Support Questions

Find answers, ask questions, and share your expertise

Spark 2 - attemptFailuresValidityInterval issue

avatar
New Contributor

Hi!

 

We are running a spark-submit with options:

--deploy-mode cluster

--conf "spark.yarn.maxAppAttempts=3"
--conf "spark.yarn.am.attemptFailuresValidityInterval=30s"

--conf...

 

and our application throws intentionally an exception after 70 seconds on the driver, in order to cause a manual failure.

 

We expected our application, with these parameters, to run forever, because the attemptFailuresValidityInterval should reset the maxAppAttempts counter sooner than the custom exception.
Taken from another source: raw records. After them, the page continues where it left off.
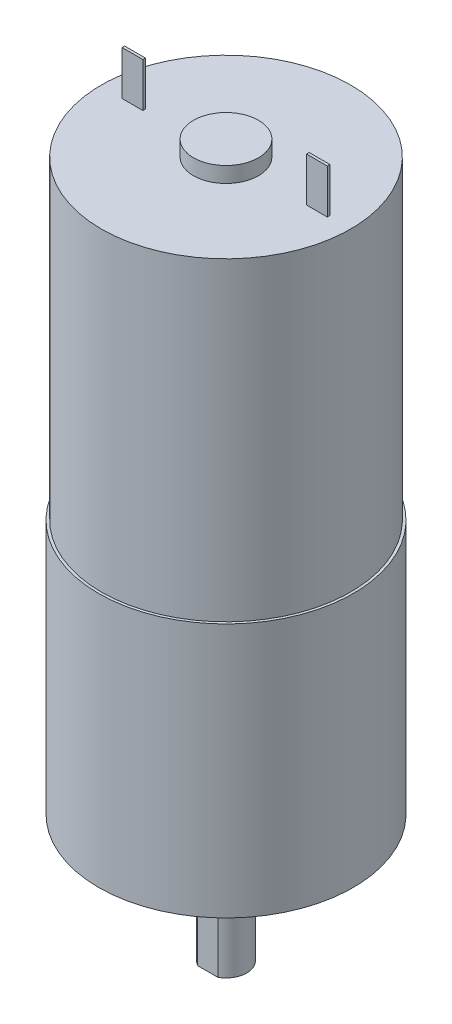
SolidWorks part; units mm, degrees
ref_plane "Front Plane" through (0, 0, 0) normal (0, 0, 1) x (1, 0, 0)
ref_plane "Top Plane" through (0, 0, 0) normal (0, 1, 0) x (1, 0, 0)
ref_plane "Right Plane" through (0, 0, 0) normal (1, 0, 0) x (0, 0, -1)
sketch "Sketch1" plane through (0, 0, 0) normal (0, 1, 0) x (1, 0, 0)
  line L0 (0, 12.446) -> (0, -12.446) construction
  line L1 (-12.446, 0) -> (12.446, 0) construction
  line L2 (-12.446, 0) -> (-9.017, 0) construction
  line L3 (9.017, 0) -> (12.446, 0) construction
  circle A0 centre (0, 0) radius 12.446
  circle A1 centre (-9.017, 0) radius 1.27
  circle A2 centre (9.017, 0) radius 1.27
  dimension "D1" = 24.892
  dimension "D3" = 2.54
  dimension "D4" = 2.54
  dimension "D2" = 18.034
extrude "Boss-Extrude1" add sketch "Sketch1" along normal blind 24.892
sketch "Sketch2" plane through (0, 24.892, 0) normal (0, 1, 0) x (1, 0, 0)
  line L0 (0, 12.446) -> (0, -12.446) construction
  line L1 (-12.446, 0) -> (12.446, 0) construction
  circle A0 centre (0, 0) radius 12.446 construction
hole_wizard "CSK for M3 Flat Head Machine Screw1" positions "Sketch3" profile "Sketch4" countersink size "M3" standard "ANSI Metric" end condition through all
sketch "Sketch3" plane through (0, 24.892, 0) normal (0, 1, 0) x (1, 0, 0)
  line L0 (0, 12.446) -> (0, -12.446) construction
  point P1 (0, 8.1199)
  point P5 (0, -7.587)
sketch "Sketch4" plane through (0, 24.892, -8.1199) normal (1, 0, 0) x (0, 0, 1)
  line L0 (0, 0) -> (0, 24.892)
  line L1 (0, 24.892) -> (1.7, 24.892)
  line L2 (1.7, 24.892) -> (1.7, 1.45)
  line L3 (1.7, 1.45) -> (3.15, 0)
  line L5 (3.15, 0) -> (0, 0)
  line L6 (-1.7, 1.45) -> (-3.15, 0) construction
  line L11 (0, -6.35) -> (0, 107.95) construction
  dimension "Thru Hole Dia." = 3.4
  dimension "Thru Hole Depth" = 24.892
  dimension "Near C'Sink Dia." = 6.3
  dimension "Near C'Sink Angle" = 90
ref_plane "Plane1" through (0, 24.892, 0) normal (0, 1, 0) x (1, 0, 0)
sketch "Sketch5" plane through (0, 24.892, 0) normal (0, 1, 0) x (1, 0, 0)
  circle A0 centre (0, 0) radius 12.192
  dimension "D1" = 24.384
extrude "Boss-Extrude2" add sketch "Sketch5" along normal blind 30.734
sketch "Sketch6" plane through (0, 0, 0) normal (0, 1, 0) x (1, 0, 0)
  circle A0 centre (0, 0) radius 3.556
  dimension "D1" = 7.112
extrude "Boss-Extrude3" add sketch "Sketch6" against normal blind 2.54
ref_plane "Plane2" through (0, -2.54, 0) normal (0, -1, 0) x (-1, 0, 0)
sketch "Sketch7" plane through (0, -2.54, 0) normal (0, -1, 0) x (-1, 0, 0)
  circle A0 centre (0, 0) radius 2.032
  dimension "D1" = 4.064
extrude "Boss-Extrude4" add sketch "Sketch7" along normal blind 9.906
ref_plane "Plane3" through (0, -12.446, 0) normal (0, -1, 0) x (-1, 0, 0)
sketch "Sketch8" plane through (0, -12.446, 0) normal (0, -1, 0) x (-1, 0, 0)
  line L0 (0, 12.446) -> (0, -12.446) construction
  line L1 (-1.016, -1.778) -> (1.016, -1.778)
  line L2 (-1.016, -1.778) -> (-1.016, -2.032)
  line L3 (-1.016, -2.032) -> (1.016, -2.032)
  line L4 (1.016, -1.778) -> (1.016, -2.032)
  line L5 (-1.016, -1.778) -> (1.016, -2.032) construction
  line L6 (-1.016, -2.032) -> (1.016, -1.778) construction
  line L7 (12.446, 0) -> (-12.446, 0) construction
  line L8 (-2.032, 0) -> (2.032, 0) construction
  line L9 (-1.016, 2.032) -> (1.016, 2.032)
  line L10 (1.016, 1.778) -> (1.016, 2.032)
  line L11 (-1.016, 1.778) -> (1.016, 1.778)
  line L12 (-1.016, 1.778) -> (-1.016, 2.032)
  circle A0 centre (0, 0) radius 2.032 construction
  point P0 (0, -1.905)
  dimension "D1" = 0.254
  dimension "D2" = 1.778
  dimension "D3" = 2.032
extrude "Cut-Extrude2" cut sketch "Sketch8" against normal blind 9.906
ref_plane "Plane4" through (0, 55.626, 0) normal (0, 1, 0) x (1, 0, 0)
sketch "Sketch9" plane through (0, 55.626, 0) normal (0, 1, 0) x (1, 0, 0)
  circle A0 centre (0, 0) radius 3.175
  dimension "D1" = 6.35
extrude "Boss-Extrude5" add sketch "Sketch9" along normal blind 1.524
sketch "Sketch10" plane through (0, 55.626, 0) normal (0, 1, 0) x (1, 0, 0)
  line L0 (0, 12.446) -> (0, -12.446) construction
  line L1 (-12.446, 0) -> (12.446, 0) construction
  line L2 (-10.033, -0.127) -> (-8.001, -0.127)
  line L3 (-10.033, -0.127) -> (-10.033, 0.127)
  line L4 (-10.033, 0.127) -> (-8.001, 0.127)
  line L5 (-8.001, -0.127) -> (-8.001, 0.127)
  line L6 (-10.033, -0.127) -> (-8.001, 0.127) construction
  line L7 (-10.033, 0.127) -> (-8.001, -0.127) construction
  line L8 (-12.192, 0) -> (-10.033, 0) construction
  line L9 (10.033, -0.127) -> (8.001, -0.127)
  line L10 (10.033, -0.127) -> (10.033, 0.127)
  line L11 (10.033, 0.127) -> (8.001, 0.127)
  line L12 (8.001, -0.127) -> (8.001, 0.127)
  line L13 (10.033, -0.127) -> (8.001, 0.127) construction
  line L14 (10.033, 0.127) -> (8.001, -0.127) construction
  line L15 (10.033, 0) -> (12.192, 0) construction
  circle A0 centre (0, 0) radius 12.192 construction
  point P4 (-9.017, 0)
  point P11 (9.017, 0)
  dimension "D1" = 18.034
  dimension "D2" = 2.032
  dimension "D3" = 0.254
  dimension "D4" = 2.032
  dimension "D5" = 0.254
extrude "Boss-Extrude6" add sketch "Sketch10" along normal blind 4.318
equation "\"big diameter\" = .98in"
equation "\"screw distance\"= 0.71in"
equation "\"small cross holes\"= 0.10in"

But after 3 failures the application stops.

 

Our installation:

- SPARK2-2.1.0.cloudera2
- CDH 5.11

 

Any ideas are more than welcome!

1 ACCEPTED SOLUTION

avatar
Master Collaborator

Sorry, this is a bug described in SPARK-22876 which suggests that the current logic of spark.yarn.am.attemptFailuresValidityInterval is flawed.

While the jira is still being worked on, looking at the comments, I don't foresee a fix anytime soon. 

View solution in original post

1 REPLY 1

avatar
Master Collaborator

Sorry, this is a bug described in SPARK-22876 which suggests that the current logic of spark.yarn.am.attemptFailuresValidityInterval is flawed.

While the jira is still being worked on, looking at the comments, I don't foresee a fix anytime soon.